Data provided:
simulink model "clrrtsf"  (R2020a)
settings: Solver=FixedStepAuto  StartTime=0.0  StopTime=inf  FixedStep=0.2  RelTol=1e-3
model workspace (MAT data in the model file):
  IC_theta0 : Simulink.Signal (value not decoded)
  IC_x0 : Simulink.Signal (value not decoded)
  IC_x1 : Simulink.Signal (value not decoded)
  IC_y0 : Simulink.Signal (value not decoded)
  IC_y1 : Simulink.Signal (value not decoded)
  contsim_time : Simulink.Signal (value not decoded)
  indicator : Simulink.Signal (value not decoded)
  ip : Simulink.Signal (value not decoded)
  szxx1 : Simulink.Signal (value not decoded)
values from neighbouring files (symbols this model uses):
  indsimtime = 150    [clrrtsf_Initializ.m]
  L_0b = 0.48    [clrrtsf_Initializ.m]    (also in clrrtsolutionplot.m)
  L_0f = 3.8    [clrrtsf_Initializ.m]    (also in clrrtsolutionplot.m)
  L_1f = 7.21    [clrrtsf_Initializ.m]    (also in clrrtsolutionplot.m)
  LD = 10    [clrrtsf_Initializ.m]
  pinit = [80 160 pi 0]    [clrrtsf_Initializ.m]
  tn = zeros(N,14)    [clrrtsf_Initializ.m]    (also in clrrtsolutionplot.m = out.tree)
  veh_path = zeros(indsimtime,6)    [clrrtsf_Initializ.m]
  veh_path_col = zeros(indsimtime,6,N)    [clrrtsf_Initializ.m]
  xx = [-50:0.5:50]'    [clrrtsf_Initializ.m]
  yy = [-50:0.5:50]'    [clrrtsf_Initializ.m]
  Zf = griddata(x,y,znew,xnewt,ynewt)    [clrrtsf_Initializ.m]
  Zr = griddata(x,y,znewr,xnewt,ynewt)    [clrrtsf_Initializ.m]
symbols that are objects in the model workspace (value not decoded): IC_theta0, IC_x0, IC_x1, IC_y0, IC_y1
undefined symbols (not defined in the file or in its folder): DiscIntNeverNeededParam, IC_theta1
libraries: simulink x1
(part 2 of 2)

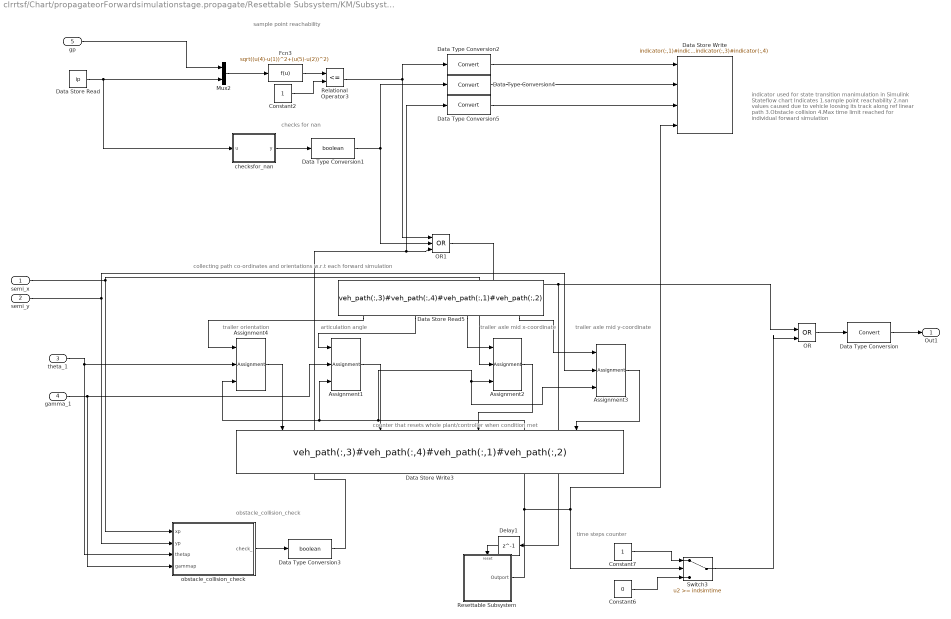
== system clrrtsf/Chart/propagateorForwardsimulationstage.propagate/Resettable Subsystem/KM/Subsystem ==
  note: indicator used for state transition
      | manimulation in Simulink Stateflow chart
      | Indicates
      | 1.sample point reachability
      | 2.nan values caused due to vehicle loosing its track
      | along ref linear path
      | 3.Obstacle collision
      | 4.Max time limit reached for individual forward simulation
  note: collecting path co-ordinates and orientations w.r.t each forward simulation
  note: time steps counter
  note: obstacle_collision_check
  note: counter that resets whole plant/controller when condition met
  note: checks for nan
  note: sample point reachability
  note: trailer axle mid x-coordinate
  note: trailer orientation
  note: articulation angle
  note: trailer axle mid y-coordinate
  semi_x : Inport
  semi_y : Inport  Port=2
  theta_1 : Inport  Port=3
  gamma_1 : Inport  Port=4  OutDataTypeStr=double  PortDimensions=1
  gp : Inport  Port=5
  Assignment{1..4} (4 alike) : Assignment  NumberOfDimensions=2  DiagnosticForDimensions=Warning  IndexOptions=Index vector (port),Index vector (dialog)  Indices=1,1  OutputSizes=1,1
  Constant2 : Constant
  Constant6 : Constant  Value=0
  Constant7 : Constant
  Data Store Read : DataStoreRead  DataStoreName=ip
  Data Store Read5 : DataStoreRead  DataStoreName=veh_path  DataStoreElements=veh_path(:,3)#veh_path(:,4)#veh_path(:,1)#veh_path(:,2)
  Data Store Write : DataStoreWrite  DataStoreName=indicator  DataStoreElements=indicator(:,1)#indicator(:,2)#indicator(:,3)#indicator(:,4)
  Data Store Write3 : DataStoreWrite  DataStoreName=veh_path  DataStoreElements=veh_path(:,3)#veh_path(:,4)#veh_path(:,1)#veh_path(:,2)
  Data Type Conversion{,2,4..5} (4 alike) : DataTypeConversion
  Data Type Conversion1 : DataTypeConversion  OutDataTypeStr=boolean
  Data Type Conversion3 : DataTypeConversion  OutDataTypeStr=boolean
  Delay1 : Delay  DelayLength=1
  Fcn3 : Fcn  Expr=sqrt((u(4)-u(1))^2+(u(5)-u(2))^2)
  Mux2 : Mux  Inputs=2
  OR : Logic  Operator=OR  IconShape=distinctive  AllPortsSameDT=off  OutDataTypeStr=boolean
  OR1 : Logic  Operator=OR  Inputs=3  IconShape=distinctive  AllPortsSameDT=off  OutDataTypeStr=boolean
  Relational Operator3 : RelationalOperator  Operator=<=  OutDataTypeStr=boolean  RndMeth=Simplest
  Resettable Subsystem : Subsystem  TreatAsAtomicUnit=on
  Switch3 : Switch  Threshold=indsimtime
  checksfor_nan : MATLAB Function  TreatAsAtomicUnit=on
  obstacle_collision_check : MATLAB Function  TreatAsAtomicUnit=on
  Out1 : Outport
  wires:
  Delay1/1 -> Resettable Subsystem/Reset
  Assignment2/1 -> Data Store Write3/3
  Constant6/1 -> Switch3/3
  Constant7/1 -> Switch3/1
  OR/1 -> Data Type Conversion/1
  Switch3/1 -> OR/2
  OR1/1 -> OR/1, Delay1/1
  Data Type Conversion/1 -> Out1/1
  semi_x/1 -> obstacle_collision_check/1(xp), Assignment2/2
  Data Store Read5/1 -> Assignment4/1
  Assignment4/1 -> Data Store Write3/1
  theta_1/1 -> obstacle_collision_check/3(thetap), Assignment4/2
  Assignment3/1 -> Data Store Write3/4
  Data Store Read/1 -> checksfor_nan/1(u), Mux2/2
  Fcn3/1 -> Relational Operator3/1
  gp/1 -> Mux2/1
  Constant2/1 -> Relational Operator3/2
  Mux2/1 -> Fcn3/1
  Relational Operator3/1 -> OR1/1, Data Type Conversion2/1
  checksfor_nan/1(y) -> Data Type Conversion1/1
  Data Type Conversion1/1 -> OR1/2, Data Type Conversion4/1
  obstacle_collision_check/1(check_) -> Data Type Conversion3/1
  Data Type Conversion3/1 -> Data Type Conversion5/1, OR1/3
  semi_y/1 -> obstacle_collision_check/2(yp), Assignment3/2
  gamma_1/1 -> obstacle_collision_check/4(gammap), Assignment1/2
  Resettable Subsystem/1(Outport) -> Data Store Write/4, Switch3/2, Assignment1/3, Assignment4/3, Assignment3/3, Assignment2/3
  Data Type Conversion2/1 -> Data Store Write/1
  Data Type Conversion4/1 -> Data Store Write/2
  Data Type Conversion5/1 -> Data Store Write/3
  Assignment1/1 -> Data Store Write3/2
  Data Store Read5/2 -> Assignment1/1
  Data Store Read5/3 -> Assignment2/1
  Data Store Read5/4 -> Assignment3/1

== system clrrtsf/Chart/propagateorForwardsimulationstage.propagate/Resettable Subsystem/KM/Subsystem/Resettable Subsystem ==
  Reset : ResetPort  DisableCoverage=on
  Add1 : Sum
  Constant2 : Constant
  Counter Limited : simulink/Sources/Counter Limited  uplimit=indsimtime-1  tsamp=-1
  Outport : Outport
  wires:
  Counter Limited/1 -> Add1/1
  Constant2/1 -> Add1/2
  Add1/1 -> Outport/1

== matlab function clrrtsf/Chart/stage1.f/For Iterator Subsystem/Subsystem/MATLAB Function1 ==
  data: Nn3 input; localco_ord output size=[1 2]; s input double size=[1 2]; tn data_store_memory
    function localco_ord=coordtransform(Nn3,s)
    global tn
    tnc=tn;
        %theta=90;
        alfa=zeros(1,1);
        if Nn3==1
         %calculating sampled point wrt local coordinates of Nn
            tx = s(1,1);
            ty = s(1,2);
            localco_ord=[tx ty];
        else

            %origin shift and axis rotate
            % - calculate theta is the angle between global X axis and line made by points t(i-1) and t(i)=s()
            % alfa angle btwn global Y axis and line made by points t(i-1) and t(i)=s()
            %            u=(Nn2-tn((Nn3-1),2));
            u=tnc((Nn3),2)- tnc((tnc((Nn3),4)),2);
            v=tnc((Nn3),1)- tnc((tnc((Nn3),4)),1);
            %             v=(Nn1-tn((Nn3-1),1));
            su=sign(u);
            sv=sign(v);
            m=(u)/(v);
            if su >0 && sv>0
                theta=atan(m)*(180/pi);
                alfa = -1*(90 - theta);%cw %270+theta ccw
            elseif su >0 && sv<0
                theta=(atan(m)*(180/pi))+180;    
                alfa=(theta-90);    %ccw
            elseif su <0 && sv<0
                theta=(atan(m)*(180/pi))+180;
                alfa = theta-90; %ccw
            elseif su <0 && sv>0
                theta=(atan(m)*(180/pi))+360; 
                alfa=theta-90; %ccw  %-90-1*(360-theta)cw %
            end
            %calculating sampled point wrt local coordinates of Nn
            tx = (cosd(alfa)*(s(1,1)-tnc((Nn3),1))+sind(alfa)*(s(1,2)-tnc((Nn3),2)));
            ty = (cosd(alfa)*(s(1,2)-tnc((Nn3),2))-sind(alfa)*(s(1,1)-tnc((Nn3),1)));
            localco_ord=[tx ty];
        end
    end

== matlab function clrrtsf/Chart/propagateorForwardsimulationstage.propagate/Resettable Subsystem/Controller/purepursuit_contrroller/func to calculate points of intersections ==
  data: gp input; Nn_ input; tn input; R input; P output; pos input
function P = calc_ips(gp, Nn_, tn, R,pos)
%this func calculates points of intersection between ref line (formed
%with goal point, start point) and look ahead circle with center at semitrailer axel midpoint  
P=zeros(2,2);
%
p1=gp;
p2=[tn(Nn_,1) tn(Nn_,2)];
slope = (p1(1,2)-p2(1,2))/(p1(1,1)-p2(1,1));
if slope == -inf || slope ==inf
    intercpt=p1(1,1);
else
intercpt = p2(1,2)-slope*p2(1,1);
end
%updating center of circle with the current pose of semitrailer axle
%position
centerx=pos(1,1);
centery=pos(2,1);
radius=R;
coder.extrinsic('linecirc')
[xout,yout] = linecirc(slope,intercpt,centerx,centery,radius);
P=[xout ; yout];

== stateflow chart clrrtsf/Chart ==
  note: Implementation of the CL-RRT algorithm in STATEFLOW
  note: START
  state logic for inverting stype variable [group]
    (junction 268) -> (junction 269) [order 1] : [stype==0]
    (junction 268) -> (junction 270) [order 2]
    (junction 269) -> (junction 274) : {stype=1;}
    (junction 270) -> (junction 271) [order 1] : [stype==1]
    (junction 270) -> (junction 272) [order 2]
    (junction 271) -> (junction 273) : {stype=0;}
    (junction 273) -> (junction 272)
    (junction 274) -> (junction 273)
    (junction 272) -> (junction 300) [order 2]
  state stage1
    en:
    %Random sampling when stype is 0
    [sr, v_0]= sampling(i,stype);
    %choosing between nearest and cheapest node with
    % probability of 0.5 for each case
    j=j+1;
    rnum=randnum(j,1);
    if  rnum<=0.5
    %cheapest node finder: f_()
    Nn_= f_(sr,i);
    else
    %Nearest node finder: f()
    Nn_=f(sr,i);
    end
    %Nn_ is the node number of current start point,
    %is uded to index into tree to find respective co-ordinates
    %assigning random sample as current goal point
    gp_(1,1:2)=sr;
    gp_(1,3)=0;%theta;
    % pice wise linear refpath creation between start and
    %goal points
    state Nn = f_(sr,i) [function]
    state Nn = f(sr,i) [function]
  state treebuilder
    i=i+1;   %node increment, where i is the current node number
    j = 0;
    if i==1
    Initialize();
    %initializing vehicle, controller parameters
    %tree, sampling type variable (stype),
    %individual traversedpath, collection of traversed paths
    %insert rootnode into tree
    else
    %parent node number
    pnode=Nn_;
    %m is a function that enters data into the tree array tn
    m(i,pnode,stype,v_0,goalregion);
    %calculating cumulative cost of the traversed path
    cumilativecost(i);
    end
    state cumilativecost(i) [function]
    state Initialize [function]
    state m(i,pnode,stype,f_or_r,goalregion) [function]
  state stage2
    en:
    %goal sampling when stype is 1
    [sg, v_0]= sampling(i,stype);
    % pice wise linear refpath creation
    %assigning goal sample as a
    %next goal point
    gp_(1,1:2)=sg;
    gp_(1,3)=0;%theta;
    %Nn_ is the node number of current
    %start point, is used to index into
    %tree to find respective co-ordinates
    Nn_=i;
    % pice wise linear refpath creation
    % between start and goal points
  state output_to_workspace
    %outputting the tree tn
    %of size Nx14
    %and traversed paths
    %collection in data store
    %with name
    %"Veh_path_col"
    output1wpace();
    state output1wpace [function]
  state updateInitialConfigurationofcontrollerwithNn_
    en:
    %updating the current
    %vehicle position to
    %controller
    updateICofcont(Nn_)
    state updateICofcont(Nn_) [function]
  state goalregion_reachability
    goalregion = goalregionreachability(pgoal);
    %pgoal is the final desired goal pose
    state goalregion = goalregionreachability(pgoal) [function]
  state stopsimulation
  state costcalculation
    en:
    %calculating cost of
    %individual traversed
    % paths by semitrailer
    % driveaxle mid point
    costcal(i);
    state costcal(i) [function]
  state propagateorForwardsimulationstage
    en:
    du:
    propagate(v_0,gp_,Nn_)
    state propagate(v_0,gp,Nn_) [function]
  note: STOP
  note: v_0 & v_1are the logotudinal velocity of tractor and semitrailer set to 1m/s; stype is a variable used to select random sample, (sr) or goal sample, (sg) within the sampling();
      | trans1 is the variable that indicates end of individual forward simulation; Indicator size 1x4 contains boolean values representing true false for sample point reachability, nan
      | values that might result due kinematic infeasibility,obstacle collision and maxtimelimit reach set for each individual forward simulation. Any of these four factors can stop the
      | individual simulation and continue to next; numofnodes is maxlimit on number of nodes
  (default) -> treebuilder : {i=0; rootnode=[190 187 pi 0 0 0 0 0];}
  treebuilder -> (junction 268) [order 2] : [i<numofnodes]
  (junction 272) -> (junction 218) [order 1]
  (junction 218) -> stage1 [order 1] : [ stype == 0]
  (junction 218) -> stage2 [order 2] : [stype == 1]
  treebuilder -> output_to_workspace [order 1] : [i>=numofnodes]
  (junction 242) -> stage1 [order 2] : [(indicator(1,4)<2 && indicator(1,3)==1) || (indicator(1,4)<2 && indicator(1,2)==1) ]
  stage1 -> updateInitialConfigurationofcontrollerwithNn_
  stage2 -> updateInitialConfigurationofcontrollerwithNn_
  output_to_workspace -> stopsimulation
  costcalculation -> treebuilder
  (junction 223) -> treebuilder [order 2] : [i>=numofnodes]
  updateInitialConfigurationofcontrollerwithNn_ -> propagateorForwardsimulationstage
  (junction 223) -> costcalculation [order 1] : [i<numofnodes]
  goalregion_reachability -> (junction 223)
  (junction 242) -> (junction 223) [order 3] : {goalregion=false;}
  (junction 242) -> goalregion_reachability [order 1] : [stype==1 && indicator(1,1)==1]
  propagateorForwardsimulationstage -> (junction 242) : [trans1==1]
  data: sr function_input double size=[1 2]; Nn function_output double; i function_input double size=1; sr function_input double size=[1 2]; Nn function_output double; i function_input double size=1; i function_input double size=[1 1]; i function_input double size=1; pnode function_input double size=1; stype function_input double size=[1 1]; f_or_r function_input double size=[1 1]; goalregion function_input double size=1; in function_input; stype_ function_input; s function_output; v_0_ function_output; Nn_ function_input double size=1; pgoal function_input double size=[1 3]; goalregion function_output; sf_internal_action_state_placeholder_data local double size=1 =0; i function_input double size=[1 1]; v_0 function_input double size=1; gp function_input double size=[1 3]; Nn_ function_input double size=1; tn data_store_memory; sr local size=[1 2]; gp_ local double size=[1 3]; Nn_ local double size=[1 1] =0; i local double size=[1 1] =1; rootnode local; stype local =1; pnode local =0; v_0 data_store_memory; numofnodes data_store_memory =300; sg local; trans1 data_store_memory; pgoal data_store_memory =[0 40 pi/2]; theta local double size=1; indicator data_store_memory; goalregion local; randnum data_store_memory; rnum local; j local
  function [s,v_0_] = sampling(in,stype_):
    | function [s,v_0_] = sampling(in,stype_)
    | %single function called sampling()is used to achive both random sampling ,
    | %(exploring strategy) and goal sampling (biasing strategy). The variable
    | %stype is used to choose the type of the sampling. 0 for random sampling,1
    | %for goal sampling
    | global tn
    | global pgoal
    | global randnum
    | 
    | persistent j
    | if isempty(j)
    | %  costarray=zeros(n,2);
    |  j=0;
    | end
    | j=j+1;
    | tnc=tn;
    | stype=stype_;
    | %rng('shuffle');
    | %rng ( 'default' );
    | while true
    | s=zeros(1,2);
    | v_0_=zeros(1,1);
    | n1=zeros(1,1);
    | refp1=[pgoal(1,1) 145];
    | refp2=[pgoal(1,1) 145];
    |  if stype==0  %random sampling     
    |             %n=rand;
    |             n=randnum(j,1);
    |             if (n>=0)&&(n<=0.2)
    |                 n1=1;
    |             elseif (n>0.2)&&(n<=0.7)
    |                 n1=2;
    |             elseif (n>0.7)&&(n<=1)
    |                 n1=3;
    |             end
    |             switch n1
    |                 case 1
    |                     %forward
    |                     sigmaU=[5,5];
    |                     %s(1,1)=tn(in,1)+ sqrt(3)*sigmaU(1)*(-1+2.*rand); %-1+2.*
    |                     s(1,1)=refp2(1,1)+ sqrt(3)*sigmaU(1)*(-1+2.*rand);
    |                     %s(1,2)=tn(in,2)+ sqrt(3)*sigmaU(2)*(-1+2.*rand); %-1+2.*
    |                     s(1,2)=refp2(1,2)+ sqrt(3)*sigmaU(2)*(-1+2.*rand);
    |                     v_0_=-1;
    |                 case 2
    |                     sigmaU=[2.5,5];
    |                     %s(1,1)=tn(in,1)+ sqrt(3)*sigmaU(1)*(-1+2.*rand); %-1+2.*
    |                     s(1,1)=refp2(1,1)+ sqrt(3)*sigmaU(1)*(-1+2.*rand);
    |                     %s(1,2)=tn(in,2)+ sqrt(3)*sigmaU(2)*(-1+2.*rand); %-1+2.*
    |                     s(1,2)=refp2(1,2)+ sqrt(3)*sigmaU(2)*(-1+2.*rand);
    |                     v_0_=-1;
    |                 case 3
    |                     sigmaU=[2.5,5];
    |                     %s(1,1)=tn(in,1)+ sqrt(3)*sigmaU(1)*(-1+2.*rand); %-1+2.*
    |                     s(1,1)=refp1(1,1)+ sqrt(3)*sigmaU(1)*(-1+2.*rand);
    |                     %s(1,2)=tn(in,2)+ sqrt(3)*sigmaU(2)*(-1+2.*rand); %-1+2.*
    |                     s(1,2)=refp1(1,2)+ sqrt(3)*sigmaU(2)*(-1+2.*rand);
    |                     v_0_=-1;
    | 
    |             end
    | 
    |  elseif stype==1       %goal sampling   
    | 
    |             
    |                        % pgoal=[0 40 pi/2];
    |             R=10;
    |             sigmaR=R/35;
    |             goaltheta=pgoal(1,3);
    |             sigmaTheta=pi/40000;
    |             r=sqrt(3)*sigmaR*(-1*randnum(j,1))+(-1*R);%(sign(v_0_)*R); 
    |             theta=sqrt(3)*sigmaTheta*(-1+2.*randnum(j,1))+goaltheta;
    |             s(1,1)=pgoal(1,1)+r*cos(theta);
    |             s(1,2)=pgoal(1,2)+r*sin(theta);
    |             v_0_=-1;
    |         
    |  end
    |   
    |  % %region1
    | % refpoint - [120 150]
    | % sigmaU=[20,15];
    | % sigmaU=[35,15];
    | %  sigmaU=[20,15];
    |  
    |  % %region2
    | % pgoal=[170 193 pi]; pinit=[190 187 pi];
    | % refpoint - [170 185]
    | % sigmaU=[20,10];
    | % sigmaU=[35,5];
    | %  sigmaU=[35,10];
    | 
    | % %region3
    | %all rev direction
    | % pgoal=[202.4 71.5 (3*pi)/4]; pinit=[230 50 0];
    | % refp=[215 50];
    | %refp2=[pgoal(1,1)+6 50];
    | % sigmaU=[10,10];
    | % sigmaU=[5,5];
    | %  sigmaU=[5,15];
    | % R=10;
    | %             sigmaR=R/35;
    | %             goaltheta=pgoal(1,3);
    | %             sigmaTheta=pi/40000;
    | %             r=sqrt(3)*sigmaR*(-1*randnum(j,1))+(-1*R);%(sign(v_0_)*R); 
    | %             theta=sqrt(3)*sigmaTheta*(-1+2.*randnum(j,1))+goaltheta;
    | 
    | % 
    | % case 1
    | %                     %forward
    | %                     sigmaU=[24.7,24.7];
    | %                     %s(1,1)=tn(in,1)+ sqrt(3)*sigmaU(1)*(-1+2.*rand); %-1+2.*
    | %                     s(1,1)=175+ sqrt(3)*sigmaU(1)*(-1+2.*rand);
    | %                     %s(1,2)=tn(in,2)+ sqrt(3)*sigmaU(2)*(-1+2.*rand); %-1+2.*
    | %                     s(1,2)=187+ sqrt(3)*sigmaU(2)*(-1+2.*rand);
    | %                     v_0_=1;
    | %                 case 2
    | %                     sigmaU=[16.4,16.4];
    | %                     %s(1,1)=tn(in,1)+ sqrt(3)*sigmaU(1)*(-1+2.*rand); %-1+2.*
    | %                     s(1,1)=175+ sqrt(3)*sigmaU(1)*(-1+2.*rand);
    | %                     %s(1,2)=tn(in,2)+ sqrt(3)*sigmaU(2)*(-1+2.*rand); %-1+2.*
    | %                     s(1,2)=187+ sqrt(3)*sigmaU(2)*(-1+2.*rand);
    | %                     v_0_=1;
    | %                 case 3
    | %                     sigmaU=[25,25];
    | %                     %s(1,1)=tn(in,1)+ sqrt(3)*sigmaU(1)*(-1+2.*rand); %-1+2.*
    | %                     s(1,1)=175+ sqrt(3)*sigmaU(1)*(-1+2.*rand);
    | %                     %s(1,2)=tn(in,2)+ sqrt(3)*sigmaU(2)*(-1+2.*rand); %-1+2.*
    | %                     s(1,2)=187+ sqrt(3)*sigmaU(2)*(-1+2.*rand);
    | %                     v_0_=1;
    | 
    | 
    | %%
    | %  case 1
    | %                     %forward
    | %                     sigmaU=[75,70];%[24.7,10];
    | %                     %s(1,1)=tn(in,1)+ sqrt(3)*sigmaU(1)*(-1+2.*rand); %-1+2.*
    | %                     s(1,1)=150+ sqrt(3)*sigmaU(1)*(-1+2.*rand);
    | %                     %s(1,2)=tn(in,2)+ sqrt(3)*sigmaU(2)*(-1+2.*rand); %-1+2.*
    | %                     s(1,2)=100+ sqrt(3)*sigmaU(2)*(-1+2.*rand);
    | %                     v_0_=1;
    | %                 case 2
    | %                     sigmaU=[38,25];%[16 16]
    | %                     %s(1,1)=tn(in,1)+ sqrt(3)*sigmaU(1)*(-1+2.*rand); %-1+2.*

What is being asked:
Please report how many lines of the material above contain the string "cosd", with no other words.

Written solution:
2